Work task →
Leave every image behind and restate the data word for word.

Provided records →
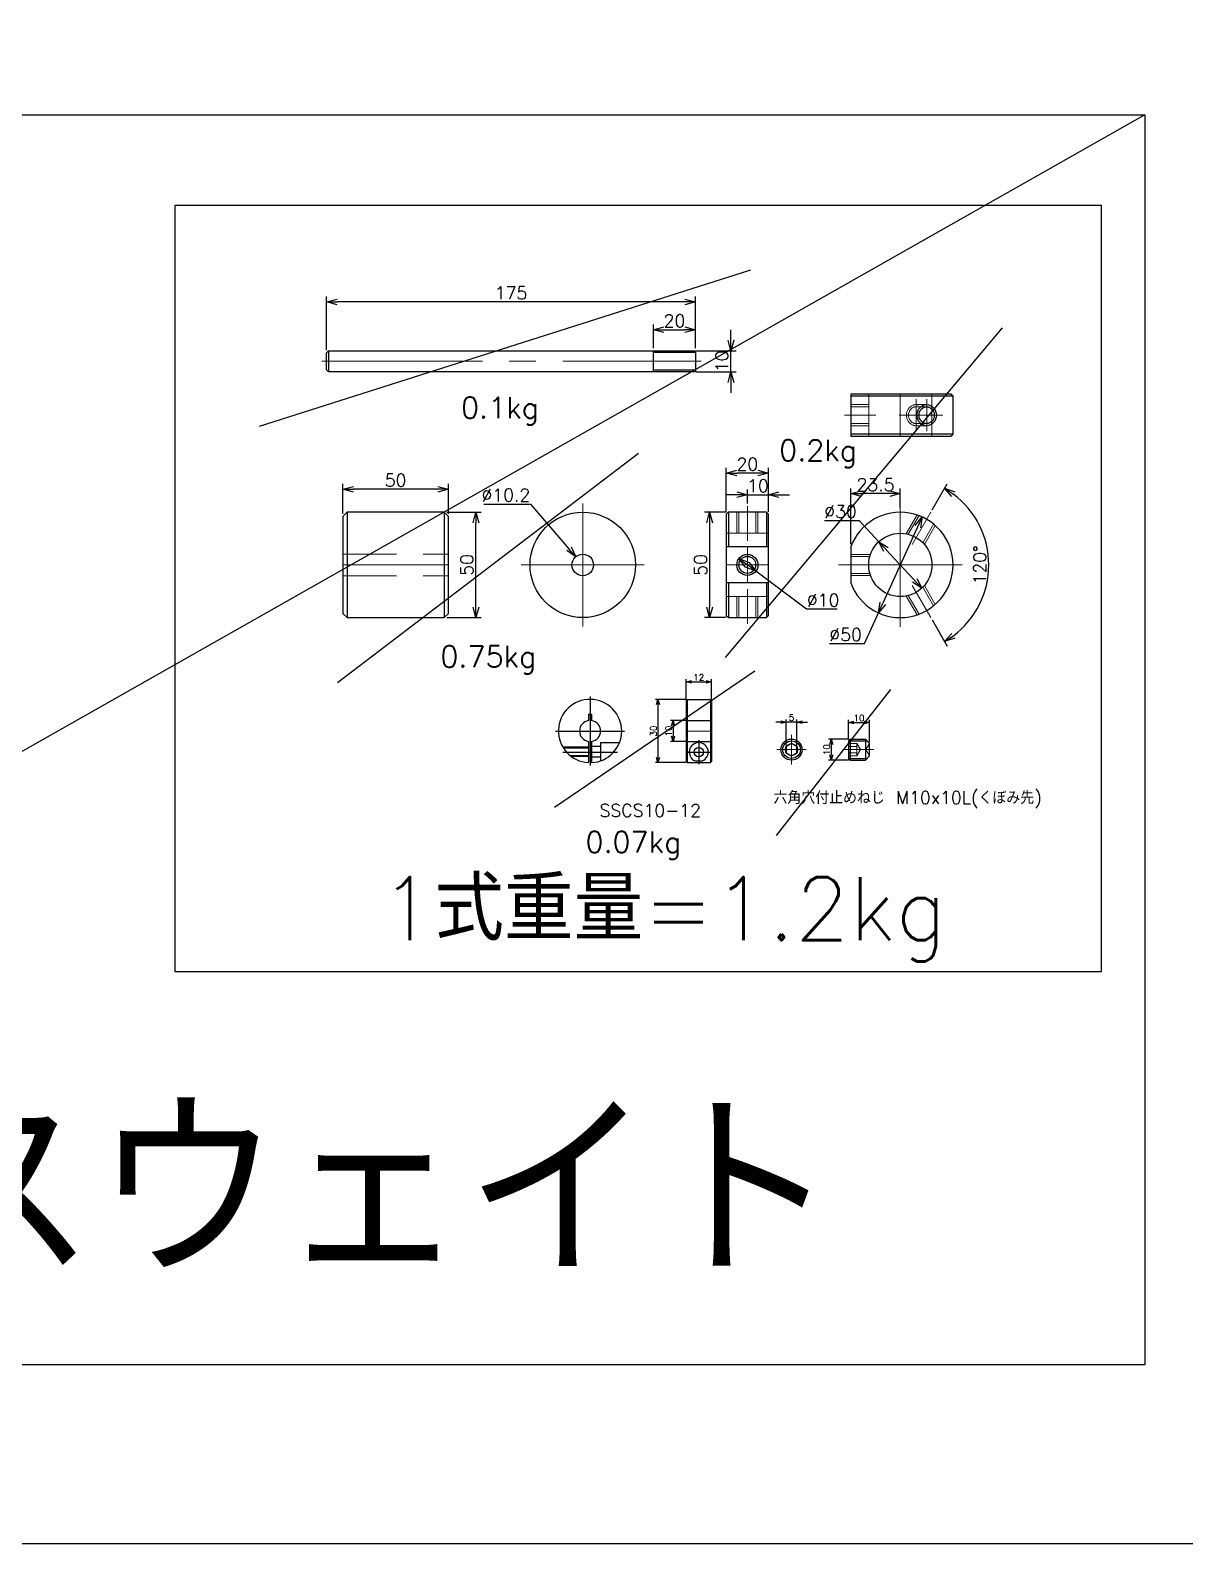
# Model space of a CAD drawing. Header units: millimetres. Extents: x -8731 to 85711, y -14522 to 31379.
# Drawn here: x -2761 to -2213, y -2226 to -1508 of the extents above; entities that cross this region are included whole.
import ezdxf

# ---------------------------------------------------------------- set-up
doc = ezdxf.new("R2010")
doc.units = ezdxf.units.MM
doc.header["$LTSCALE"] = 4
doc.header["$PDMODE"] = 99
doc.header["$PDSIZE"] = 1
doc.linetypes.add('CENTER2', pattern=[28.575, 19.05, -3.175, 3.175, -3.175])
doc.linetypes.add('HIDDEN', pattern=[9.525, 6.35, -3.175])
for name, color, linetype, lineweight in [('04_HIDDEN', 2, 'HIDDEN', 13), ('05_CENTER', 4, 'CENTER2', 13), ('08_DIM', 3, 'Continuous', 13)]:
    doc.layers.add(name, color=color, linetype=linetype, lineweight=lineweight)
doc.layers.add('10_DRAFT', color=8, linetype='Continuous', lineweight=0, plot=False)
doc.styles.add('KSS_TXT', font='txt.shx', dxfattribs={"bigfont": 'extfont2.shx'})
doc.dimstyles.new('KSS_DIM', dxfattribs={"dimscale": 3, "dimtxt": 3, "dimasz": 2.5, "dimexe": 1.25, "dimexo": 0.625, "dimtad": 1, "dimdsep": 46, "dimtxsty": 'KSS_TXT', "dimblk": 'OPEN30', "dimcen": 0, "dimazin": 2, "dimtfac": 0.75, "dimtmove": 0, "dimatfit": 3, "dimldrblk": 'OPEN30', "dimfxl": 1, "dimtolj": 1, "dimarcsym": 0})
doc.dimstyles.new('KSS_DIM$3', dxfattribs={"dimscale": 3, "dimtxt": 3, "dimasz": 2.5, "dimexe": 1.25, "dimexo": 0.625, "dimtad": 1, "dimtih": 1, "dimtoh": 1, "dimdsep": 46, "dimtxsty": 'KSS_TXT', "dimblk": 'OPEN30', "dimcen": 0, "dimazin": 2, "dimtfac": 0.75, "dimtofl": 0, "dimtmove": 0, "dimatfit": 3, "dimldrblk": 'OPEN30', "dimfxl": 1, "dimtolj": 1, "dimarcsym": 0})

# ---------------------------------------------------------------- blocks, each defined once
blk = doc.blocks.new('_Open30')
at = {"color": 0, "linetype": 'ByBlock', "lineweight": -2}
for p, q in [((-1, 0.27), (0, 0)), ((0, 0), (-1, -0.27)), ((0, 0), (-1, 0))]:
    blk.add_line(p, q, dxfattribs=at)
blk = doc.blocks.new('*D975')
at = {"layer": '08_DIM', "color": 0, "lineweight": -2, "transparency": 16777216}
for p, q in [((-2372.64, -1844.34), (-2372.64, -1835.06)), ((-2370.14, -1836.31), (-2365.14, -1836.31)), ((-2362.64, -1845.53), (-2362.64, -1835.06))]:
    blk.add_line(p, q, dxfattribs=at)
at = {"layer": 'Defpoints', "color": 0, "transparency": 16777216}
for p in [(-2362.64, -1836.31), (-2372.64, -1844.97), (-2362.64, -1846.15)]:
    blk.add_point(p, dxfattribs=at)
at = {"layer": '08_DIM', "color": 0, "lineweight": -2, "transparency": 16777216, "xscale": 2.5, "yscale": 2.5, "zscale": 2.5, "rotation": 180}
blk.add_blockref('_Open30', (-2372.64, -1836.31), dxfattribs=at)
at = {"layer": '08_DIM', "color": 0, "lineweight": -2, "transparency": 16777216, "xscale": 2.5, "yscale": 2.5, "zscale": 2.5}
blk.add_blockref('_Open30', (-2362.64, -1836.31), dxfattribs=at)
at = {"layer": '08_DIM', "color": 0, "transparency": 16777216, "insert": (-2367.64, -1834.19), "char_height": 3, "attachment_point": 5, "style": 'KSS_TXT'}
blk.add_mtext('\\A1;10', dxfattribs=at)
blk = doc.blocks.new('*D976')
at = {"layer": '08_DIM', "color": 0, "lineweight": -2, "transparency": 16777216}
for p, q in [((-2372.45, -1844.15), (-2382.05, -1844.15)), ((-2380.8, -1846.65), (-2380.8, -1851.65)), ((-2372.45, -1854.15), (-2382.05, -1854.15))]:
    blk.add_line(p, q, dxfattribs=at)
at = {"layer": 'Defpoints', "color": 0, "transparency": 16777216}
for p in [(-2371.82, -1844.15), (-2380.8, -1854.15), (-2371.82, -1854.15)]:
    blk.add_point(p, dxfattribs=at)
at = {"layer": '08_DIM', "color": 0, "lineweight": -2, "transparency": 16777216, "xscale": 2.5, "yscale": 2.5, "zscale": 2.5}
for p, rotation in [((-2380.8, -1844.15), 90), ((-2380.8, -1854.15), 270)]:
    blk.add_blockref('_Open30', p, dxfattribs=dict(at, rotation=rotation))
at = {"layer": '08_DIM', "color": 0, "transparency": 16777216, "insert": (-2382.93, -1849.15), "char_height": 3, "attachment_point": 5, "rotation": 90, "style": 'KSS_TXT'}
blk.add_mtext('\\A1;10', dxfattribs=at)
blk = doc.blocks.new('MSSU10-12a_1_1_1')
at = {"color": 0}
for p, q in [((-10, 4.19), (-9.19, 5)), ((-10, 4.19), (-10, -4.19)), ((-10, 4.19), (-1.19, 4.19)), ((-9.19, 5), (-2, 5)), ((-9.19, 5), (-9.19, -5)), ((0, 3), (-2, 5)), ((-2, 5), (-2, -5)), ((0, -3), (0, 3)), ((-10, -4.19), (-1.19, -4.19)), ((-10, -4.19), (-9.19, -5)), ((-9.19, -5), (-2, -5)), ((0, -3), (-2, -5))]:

Result below →
# Model space of a CAD drawing. Header units: millimetres. Extents: x -8731 to 85711, y -14522 to 31379.
# Drawn here: x -2761 to -2213, y -2226 to -1508 of the extents above; entities that cross this region are included whole.
import ezdxf

# ---------------------------------------------------------------- set-up
doc = ezdxf.new("R2010")
doc.units = ezdxf.units.MM
doc.header["$LTSCALE"] = 4
doc.header["$PDMODE"] = 99
doc.header["$PDSIZE"] = 1
doc.linetypes.add('CENTER2', pattern=[28.575, 19.05, -3.175, 3.175, -3.175])
doc.linetypes.add('HIDDEN', pattern=[9.525, 6.35, -3.175])
for name, color, linetype, lineweight in [('04_HIDDEN', 2, 'HIDDEN', 13), ('05_CENTER', 4, 'CENTER2', 13), ('08_DIM', 3, 'Continuous', 13)]:
    doc.layers.add(name, color=color, linetype=linetype, lineweight=lineweight)
doc.layers.add('10_DRAFT', color=8, linetype='Continuous', lineweight=0, plot=False)
doc.styles.add('KSS_TXT', font='txt.shx', dxfattribs={"bigfont": 'extfont2.shx'})
doc.dimstyles.new('KSS_DIM', dxfattribs={"dimscale": 3, "dimtxt": 3, "dimasz": 2.5, "dimexe": 1.25, "dimexo": 0.625, "dimtad": 1, "dimdsep": 46, "dimtxsty": 'KSS_TXT', "dimblk": 'OPEN30', "dimcen": 0, "dimazin": 2, "dimtfac": 0.75, "dimtmove": 0, "dimatfit": 3, "dimldrblk": 'OPEN30', "dimfxl": 1, "dimtolj": 1, "dimarcsym": 0})
doc.dimstyles.new('KSS_DIM$3', dxfattribs={"dimscale": 3, "dimtxt": 3, "dimasz": 2.5, "dimexe": 1.25, "dimexo": 0.625, "dimtad": 1, "dimtih": 1, "dimtoh": 1, "dimdsep": 46, "dimtxsty": 'KSS_TXT', "dimblk": 'OPEN30', "dimcen": 0, "dimazin": 2, "dimtfac": 0.75, "dimtofl": 0, "dimtmove": 0, "dimatfit": 3, "dimldrblk": 'OPEN30', "dimfxl": 1, "dimtolj": 1, "dimarcsym": 0})

# ---------------------------------------------------------------- blocks, each defined once
blk = doc.blocks.new('_Open30')
at = {"color": 0, "linetype": 'ByBlock', "lineweight": -2}
for p, q in [((-1, 0.27), (0, 0)), ((0, 0), (-1, -0.27)), ((0, 0), (-1, 0))]:
    blk.add_line(p, q, dxfattribs=at)
blk = doc.blocks.new('*D975')
at = {"layer": '08_DIM', "color": 0, "lineweight": -2, "transparency": 16777216}
for p, q in [((-2372.64, -1844.34), (-2372.64, -1835.06)), ((-2370.14, -1836.31), (-2365.14, -1836.31)), ((-2362.64, -1845.53), (-2362.64, -1835.06))]:
    blk.add_line(p, q, dxfattribs=at)
at = {"layer": 'Defpoints', "color": 0, "transparency": 16777216}
for p in [(-2362.64, -1836.31), (-2372.64, -1844.97), (-2362.64, -1846.15)]:
    blk.add_point(p, dxfattribs=at)
at = {"layer": '08_DIM', "color": 0, "lineweight": -2, "transparency": 16777216, "xscale": 2.5, "yscale": 2.5, "zscale": 2.5, "rotation": 180}
blk.add_blockref('_Open30', (-2372.64, -1836.31), dxfattribs=at)
at = {"layer": '08_DIM', "color": 0, "lineweight": -2, "transparency": 16777216, "xscale": 2.5, "yscale": 2.5, "zscale": 2.5}
blk.add_blockref('_Open30', (-2362.64, -1836.31), dxfattribs=at)
at = {"layer": '08_DIM', "color": 0, "transparency": 16777216, "insert": (-2367.64, -1834.19), "char_height": 3, "attachment_point": 5, "style": 'KSS_TXT'}
blk.add_mtext('\\A1;10', dxfattribs=at)
blk = doc.blocks.new('*D976')
at = {"layer": '08_DIM', "color": 0, "lineweight": -2, "transparency": 16777216}
for p, q in [((-2372.45, -1844.15), (-2382.05, -1844.15)), ((-2380.8, -1846.65), (-2380.8, -1851.65)), ((-2372.45, -1854.15), (-2382.05, -1854.15))]:
    blk.add_line(p, q, dxfattribs=at)
at = {"layer": 'Defpoints', "color": 0, "transparency": 16777216}
for p in [(-2371.82, -1844.15), (-2380.8, -1854.15), (-2371.82, -1854.15)]:
    blk.add_point(p, dxfattribs=at)
at = {"layer": '08_DIM', "color": 0, "lineweight": -2, "transparency": 16777216, "xscale": 2.5, "yscale": 2.5, "zscale": 2.5}
for p, rotation in [((-2380.8, -1844.15), 90), ((-2380.8, -1854.15), 270)]:
    blk.add_blockref('_Open30', p, dxfattribs=dict(at, rotation=rotation))
at = {"layer": '08_DIM', "color": 0, "transparency": 16777216, "insert": (-2382.93, -1849.15), "char_height": 3, "attachment_point": 5, "rotation": 90, "style": 'KSS_TXT'}
blk.add_mtext('\\A1;10', dxfattribs=at)
blk = doc.blocks.new('MSSU10-12a_1_1_1')
at = {"color": 0}
for p, q in [((-10, 4.19), (-9.19, 5)), ((-10, 4.19), (-10, -4.19)), ((-10, 4.19), (-1.19, 4.19)), ((-9.19, 5), (-2, 5)), ((-9.19, 5), (-9.19, -5)), ((0, 3), (-2, 5)), ((-2, 5), (-2, -5)), ((0, -3), (0, 3)), ((-10, -4.19), (-1.19, -4.19)), ((-10, -4.19), (-9.19, -5)), ((-9.19, -5), (-2, -5)), ((0, -3), (-2, -5))]:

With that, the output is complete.